Nonlinear Oscillations and Stability of Rotating Low-Aspect-Ratio Blades Containing Internal Resonance

Abstract

Rotating orthotropic blade equations based on the assumptions of the plate theory and the nonlinear von Kármán strain–displacement relations are obtained, and, furthermore, updated equations associated with prestressed configuration are provided. The extended Galerkin method is employed to determine the prestressed configuration due to the rotation and to obtain the linear frequencies and normal modes of updated equations. The multiple scales method, in combination with the Galerkin method, is used to study the nonlinear vibrations and to obtain analytical relations for the nonlinear frequencies and mode shapes.

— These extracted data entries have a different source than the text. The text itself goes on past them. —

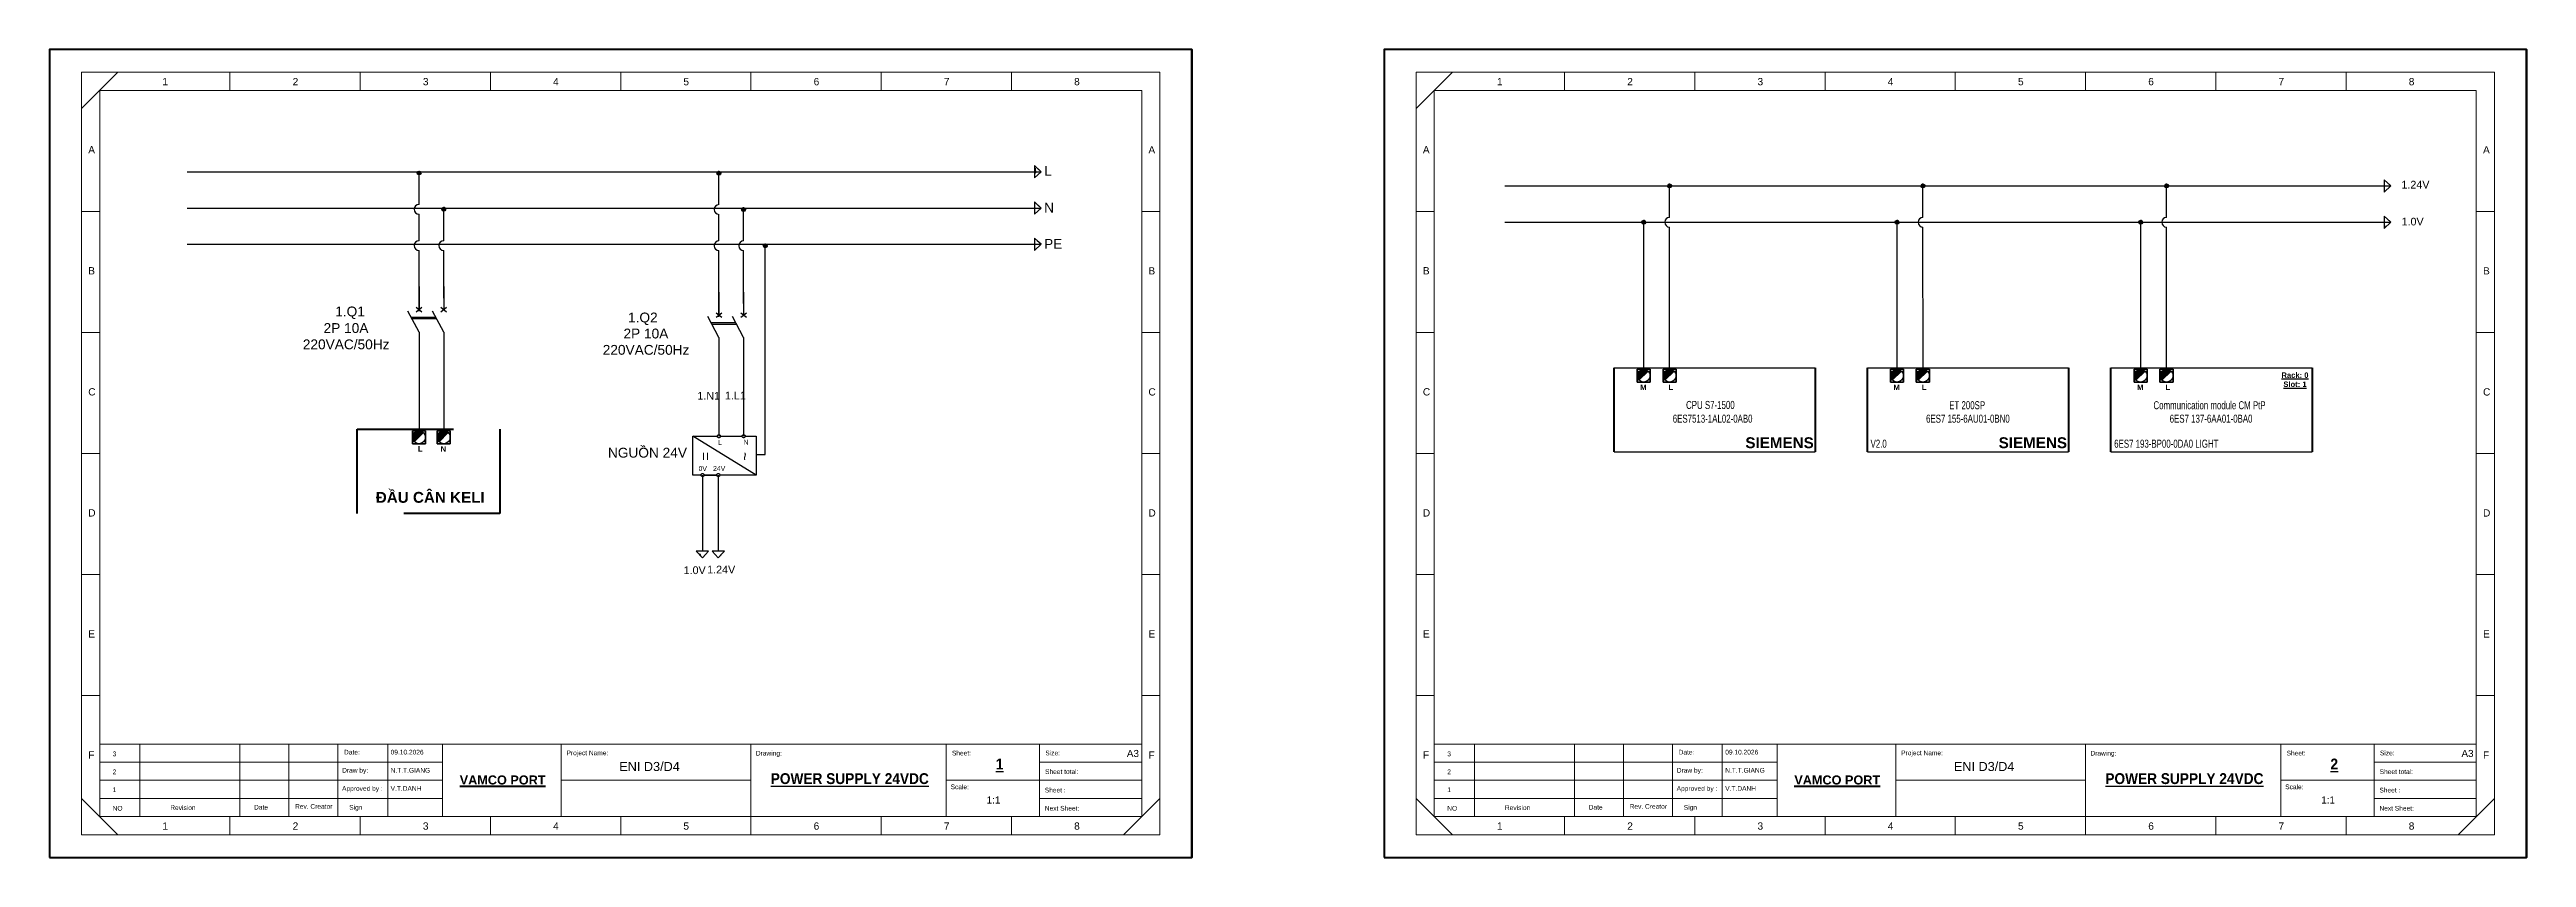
# Model space of a CAD drawing. Header units: millimetres. Extents: x 6750 to 121550, y -28210 to 66060.
# Drawn here: x 13508 to 14152, y 15806 to 16016 of the extents above; entities that cross this region are included whole.
import ezdxf

# ---------------------------------------------------------------- set-up
doc = ezdxf.new("R2010")
doc.units = ezdxf.units.MM
for name, pattern in [('ACAD_ISO03W100', [30, 12, -18]), ('atContinuous2', [0]), ('DASHED2', [0.375, 0.25, -0.125])]:
    doc.linetypes.add(name, pattern=pattern)
for name, color, linetype in [('00_COMPONENTS', 7, 'Continuous'), ('DIEN HOA', 111, 'Continuous'), ('M.702.Ghi chu', 3, 'Continuous'), ('Z_entity', 7, 'Continuous'), ('Z_text', 7, 'Continuous')]:
    doc.layers.add(name, color=color, linetype=linetype)
doc.layers.add('DN.1. NET LIEN MANH', color=7, linetype='Continuous', lineweight=40)
doc.layers.add('DN.14. DIEN DONG LUC', color=10, linetype='Continuous', lineweight=50)
doc.styles.add('LMP', font='arialbd.ttf')
doc.styles.add('PM', font='arial.ttf', dxfattribs={"width": 0.6})
doc.styles.get("Standard").update_dxf_attribs({"font": 'arial.ttf'})

# ---------------------------------------------------------------- blocks, each defined once
blk = doc.blocks.new('asdklnakdad')
for p, q in [((16292.99, 3398.33), (16292.99, 3101.33)), ((16712.99, 3398.33), (16292.99, 3398.33)), ((16712.99, 3398.33), (16712.99, 3101.33)), ((16712.99, 3398.33), (16712.99, 3101.33))]:
    blk.add_line(p, q)
at = {"lineweight": 5}
for p, q in [((16318.1, 3389.99), (16304.75, 3376.64)), ((16359.32, 3383.32), (16359.32, 3389.99)), ((16407.21, 3383.32), (16407.21, 3389.99)), ((16455.1, 3383.32), (16455.1, 3389.99)), ((16502.99, 3383.32), (16502.99, 3389.99)), ((16550.88, 3383.32), (16550.88, 3389.99)), ((16598.77, 3383.32), (16598.77, 3389.99)), ((16646.66, 3383.32), (16646.66, 3389.99)), ((16311.43, 3338.82), (16304.75, 3338.82)), ((16701.22, 3338.8), (16694.55, 3338.8)), ((16311.43, 3294.32), (16304.75, 3294.32)), ((16701.22, 3294.3), (16694.55, 3294.3)), ((16311.43, 3249.83), (16304.75, 3249.83)), ((16701.22, 3249.8), (16694.55, 3249.8)), ((16311.43, 3205.33), (16304.75, 3205.33)), ((16701.22, 3205.3), (16694.55, 3205.3)), ((16311.43, 3160.83), (16304.75, 3160.83)), ((16701.22, 3160.81), (16694.55, 3160.81)), ((16311.43, 3143.03), (16694.55, 3143.03)), ((16326.22, 3116.33), (16326.22, 3143.03)), ((16362.92, 3116.33), (16362.92, 3143.03)), ((16381.03, 3116.33), (16381.03, 3143.03)), ((16398.97, 3116.33), (16398.97, 3143.03)), ((16417.32, 3116.33), (16417.32, 3143.03)), ((16437.51, 3116.33), (16437.51, 3143.03)), ((16481.15, 3116.33), (16481.15, 3143.03)), ((16550.88, 3116.33), (16550.88, 3143.03)), ((16622.71, 3116.33), (16622.71, 3143.03)), ((16657.02, 3116.33), (16657.02, 3143.03)), ((16311.43, 3136.36), (16437.51, 3136.36)), ((16657.02, 3136.36), (16694.55, 3136.36)), ((16311.43, 3129.68), (16437.51, 3129.68)), ((16481.15, 3129.68), (16550.88, 3129.68)), ((16622.71, 3129.68), (16694.55, 3129.68)), ((16304.75, 3123.01), (16318.1, 3109.66)), ((16304.75, 3109.66), (16304.75, 3116.33)), ((16311.43, 3123.01), (16437.51, 3123.01)), ((16311.43, 3116.33), (16694.55, 3116.33)), ((16359.32, 3116.33), (16359.32, 3109.66)), ((16359.32, 3109.66), (16359.32, 3116.33)), ((16407.21, 3116.33), (16407.21, 3109.66)), ((16407.21, 3109.66), (16407.21, 3116.33)), ((16455.1, 3116.33), (16455.1, 3109.66)), ((16455.1, 3109.66), (16455.1, 3116.33)), ((16502.99, 3116.33), (16502.99, 3109.66)), ((16502.99, 3109.66), (16502.99, 3116.33)), ((16550.88, 3116.33), (16550.88, 3109.66)), ((16550.88, 3109.66), (16550.88, 3116.33)), ((16598.77, 3116.33), (16598.77, 3109.66)), ((16598.77, 3109.66), (16598.77, 3116.33)), ((16598.77, 3116.33), (16646.66, 3116.33)), ((16646.66, 3116.33), (16646.66, 3109.66)), ((16646.66, 3109.66), (16646.66, 3116.33)), ((16657.02, 3123.01), (16694.55, 3123.01)), ((16701.22, 3123.01), (16687.88, 3109.66)), ((16292.99, 3101.33), (16712.99, 3101.33))]:
    blk.add_line(p, q, dxfattribs=at)
for points in [[(16304.75, 3109.66), (16304.75, 3389.99), (16701.22, 3389.99), (16701.22, 3109.66), (16304.75, 3109.66)], [(16311.43, 3116.33), (16311.43, 3383.32), (16694.55, 3383.32), (16694.55, 3116.33)], [(16481.15, 3143.03), (16437.51, 3143.03), (16437.51, 3116.33), (16481.15, 3116.33)]]:
    blk.add_lwpolyline(points, close=True, dxfattribs=at)
at = {"layer": 'DN.1. NET LIEN MANH'}
blk.add_lwpolyline([(16292.99, 3101.33), (16712.99, 3101.33), (16712.99, 3398.33), (16292.99, 3398.33)], close=True, dxfattribs=at)
at = {"lineweight": 5, "attachment_point": 1}
for s, insert, char_height, width in [('{\\fArial|b0|i0|c0|p34;1}', (16334.48, 3387.87), 2.6698, 8.4244), ('{\\fArial|b0|i0|c0|p34;2}', (16382.37, 3387.87), 2.6698, 8.4244), ('{\\fArial|b0|i0|c0|p34;3}', (16430.26, 3387.87), 2.6698, 8.4244), ('{\\fArial|b0|i0|c0|p34;4}', (16478.15, 3387.87), 2.6698, 8.4244), ('{\\fArial|b0|i0|c0|p34;5}', (16526.04, 3387.87), 2.6698, 8.4244), ('{\\fArial|b0|i0|c0|p34;6}', (16573.93, 3387.87), 2.6698, 8.4244), ('{\\fArial|b0|i0|c0|p34;7}', (16621.82, 3387.87), 2.6698, 8.4244), ('{\\fArial|b0|i0|c0|p34;8}', (16669.71, 3387.87), 2.6698, 8.4244), ('{\\fArial|b0|i0|c0|p34;A}', (16307.22, 3362.83), 2.6698, 8.4244), ('{\\fArial|b0|i0|c0|p34;A}', (16697.02, 3362.8), 2.6698, 8.4244), ('{\\fArial|b0|i0|c0|p34;B}', (16307.22, 3318.33), 2.6698, 8.4244), ('{\\fArial|b0|i0|c0|p34;B}', (16697.02, 3318.3), 2.6698, 8.4244), ('{\\fArial|b0|i0|c0|p34;C}', (16307.22, 3273.83), 2.6698, 8.4244), ('{\\fArial|b0|i0|c0|p34;C}', (16697.02, 3273.81), 2.6698, 8.4244), ('{\\fArial|b0|i0|c0|p34;D}', (16307.22, 3229.33), 2.6698, 8.4244), ('{\\fArial|b0|i0|c0|p34;D}', (16697.02, 3229.31), 2.6698, 8.4244), ('{\\fArial|b0|i0|c0|p34;E}', (16307.22, 3184.84), 2.6698, 8.4244), ('{\\fArial|b0|i0|c0|p34;E}', (16697.02, 3184.81), 2.6698, 8.4244), ('{\\fArial|b0|i0|c0|p34;F}', (16307.22, 3140.34), 2.6698, 8.4244), ('3', (16316.19, 3140.27), 1.74, 27.6235), ('2', (16316.19, 3133.67), 1.74, 27.6235), ('Draw by:', (16400.58, 3134.23), 1.735, 27.6235), ('Date:', (16401.27, 3140.91), 1.735, 9.134), ('09.10.2026', (16418.4, 3140.91), 1.735, 27.6235), ('N.T.T.GIANG', (16418.4, 3134.23), 1.7354, 27.6235), ('Project Name:', (16483.08, 3140.64), 1.7354, 28.7909), ('Drawing:', (16552.67, 3140.52), 1.735, 28.7909), ('Sheet:', (16624.79, 3140.56), 1.735, 28.7909), ('Sheet total:', (16659.03, 3133.73), 1.7354, 12.8616), ('Size:', (16659.13, 3140.6), 1.735, 8.4244), ('{\\fArial|b0|i0|c0|p34;F}', (16697.02, 3140.31), 2.6698, 8.4244), ('1', (16316.19, 3127.07), 1.74, 27.6235), ('Approved by :', (16400.54, 3127.56), 1.7354, 27.6235), ('V.T.DANH', (16418.4, 3127.56), 1.735, 27.6235), ('Scale:', (16624.29, 3128.15), 1.735, 28.7909), ('Sheet :', (16658.93, 3126.95), 1.735, 8.4244), ('NO', (16316.19, 3120.27), 1.735, 27.6235), ('Revision', (16337.39, 3120.5), 1.735, 27.6235), ('Date', (16368.19, 3120.66), 1.735, 27.6235), ('{\\fArial|b0|i0|c0|p34;Rev. Creator}', (16383.25, 3120.96), 1.7354, 29.9885), ('Sign', (16403.17, 3120.59), 1.735, 27.6235), ('Next Sheet:', (16658.93, 3120.28), 1.7354, 16.6527), ('{\\fArial|b0|i0|c0|p34;1}', (16334.48, 3114.21), 2.6698, 8.4244), ('{\\fArial|b0|i0|c0|p34;2}', (16382.37, 3114.21), 2.6698, 8.4244), ('{\\fArial|b0|i0|c0|p34;3}', (16430.26, 3114.21), 2.6698, 8.4244), ('{\\fArial|b0|i0|c0|p34;4}', (16478.15, 3114.21), 2.6698, 8.4244), ('{\\fArial|b0|i0|c0|p34;5}', (16526.04, 3114.21), 2.6698, 8.4244), ('{\\fArial|b0|i0|c0|p34;6}', (16573.93, 3114.21), 2.6698, 8.4244), ('{\\fArial|b0|i0|c0|p34;7}', (16621.82, 3114.21), 2.6698, 8.4244), ('{\\fArial|b0|i0|c0|p34;8}', (16669.71, 3114.21), 2.6698, 8.4244)]:
    blk.add_mtext(s, dxfattribs=dict(at, insert=insert, char_height=char_height, width=width))
at = {"layer": 'DN.1. NET LIEN MANH', "attachment_point": 1}
for s, insert, char_height, width in [('ENI D3/D4', (16502.47, 3136.43), 3.333, 61.0927), ('A3', (16689.1, 3140.86), 2.6, 5.5322), ('{\\fArial|b1|i0|c0|p34;\\LVAMCO PORT}', (16443.8, 3131.48), 3.3333, 31.9027), ('1:1', (16637.53, 3123.75), 2.6, 5.5322)]:
    blk.add_mtext(s, dxfattribs=dict(at, insert=insert, char_height=char_height, width=width))
blk = doc.blocks.new('muiten')
h = blk.add_hatch()
h.set_pattern_fill('AR-CONC', color=8)
h.paths.add_polyline_path([(19111, 15376), (19111, 15342), (19148, 15342)])
h.paths.add_polyline_path([(19148, 15342), (19111, 15342), (19111, 15308)])
for p, q in [((19111, 15376), (19148, 15342)), ((19111, 15376), (19111, 15308)), ((19111, 15308), (19148, 15342)), ((19148, 15342), (19126, 15362))]:
    blk.add_line(p, q)
blk = doc.blocks.new('JDGLA')
at = {"layer": '00_COMPONENTS'}
for p, q in [((13683.28, 15948.87), (13683.28, 15942.93)), ((13689.7, 15948.87), (13689.7, 15942.93)), ((13683.28, 15937.04), (13680.4, 15942.49)), ((13687.68, 15940.86), (13681.26, 15940.86)), ((13687.88, 15940.48), (13681.46, 15940.48)), ((13682.53, 15943.51), (13684.03, 15942.34)), ((13682.53, 15942.34), (13684.03, 15943.51)), ((13689.7, 15937.04), (13686.82, 15942.49)), ((13688.95, 15943.51), (13690.45, 15942.34)), ((13688.95, 15942.34), (13690.45, 15943.51)), ((13683.28, 15937.04), (13683.28, 15931.18)), ((13689.7, 15937.04), (13689.7, 15931.18))]:
    blk.add_line(p, q, dxfattribs=at)

msp = doc.modelspace()

# ---------------------------------------------------------------- hatches: boundary and pattern name
h = msp.add_hatch(color=5)
h.dxf.hatch_style = 1
h.paths.add_polyline_path([(13923.883, 15932.436, 0.1951828), (13922.71, 15932.922), (13922.687, 15932.922, 0.4122241), (13921.01, 15931.233, 0.1969474), (13921.495, 15930.048)])
h = msp.add_hatch(color=1)
h.dxf.hatch_style = 1
h.paths.add_polyline_path([(13930.603, 15932.472, 0.1951828), (13929.429, 15932.958), (13929.407, 15932.958, 0.4122241), (13927.73, 15931.269, 0.1969474), (13928.215, 15930.084)])
h = msp.add_hatch(color=5)
h.dxf.hatch_style = 1
h.paths.add_polyline_path([(13989.738, 15932.436, 0.1951828), (13988.564, 15932.922), (13988.541, 15932.922, 0.4122241), (13986.864, 15931.233, 0.1969474), (13987.35, 15930.048)])
h = msp.add_hatch(color=1)
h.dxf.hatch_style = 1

The role of different parameters on the backbone curves and effective nonlinearity coefficients is evaluated. In the nonlinear analysis, internal resonance is also considered. Moreover, the fourth-order Runge–Kutta method is applied to numerically analyze the nonlinear responses. A detailed investigation shows that in the torsion modes, the aspect ratio and the stiffness ratio changes influence the nonlinearity type and quality of the results. The quantities of effective nonlinearity coefficients depend on the rotational speed and the types of material and geometry. In the case of internal resonance, the stability of the nonlinear modes has been evaluated, and it is found that the rotating blades have different stable and unstable coupled modes.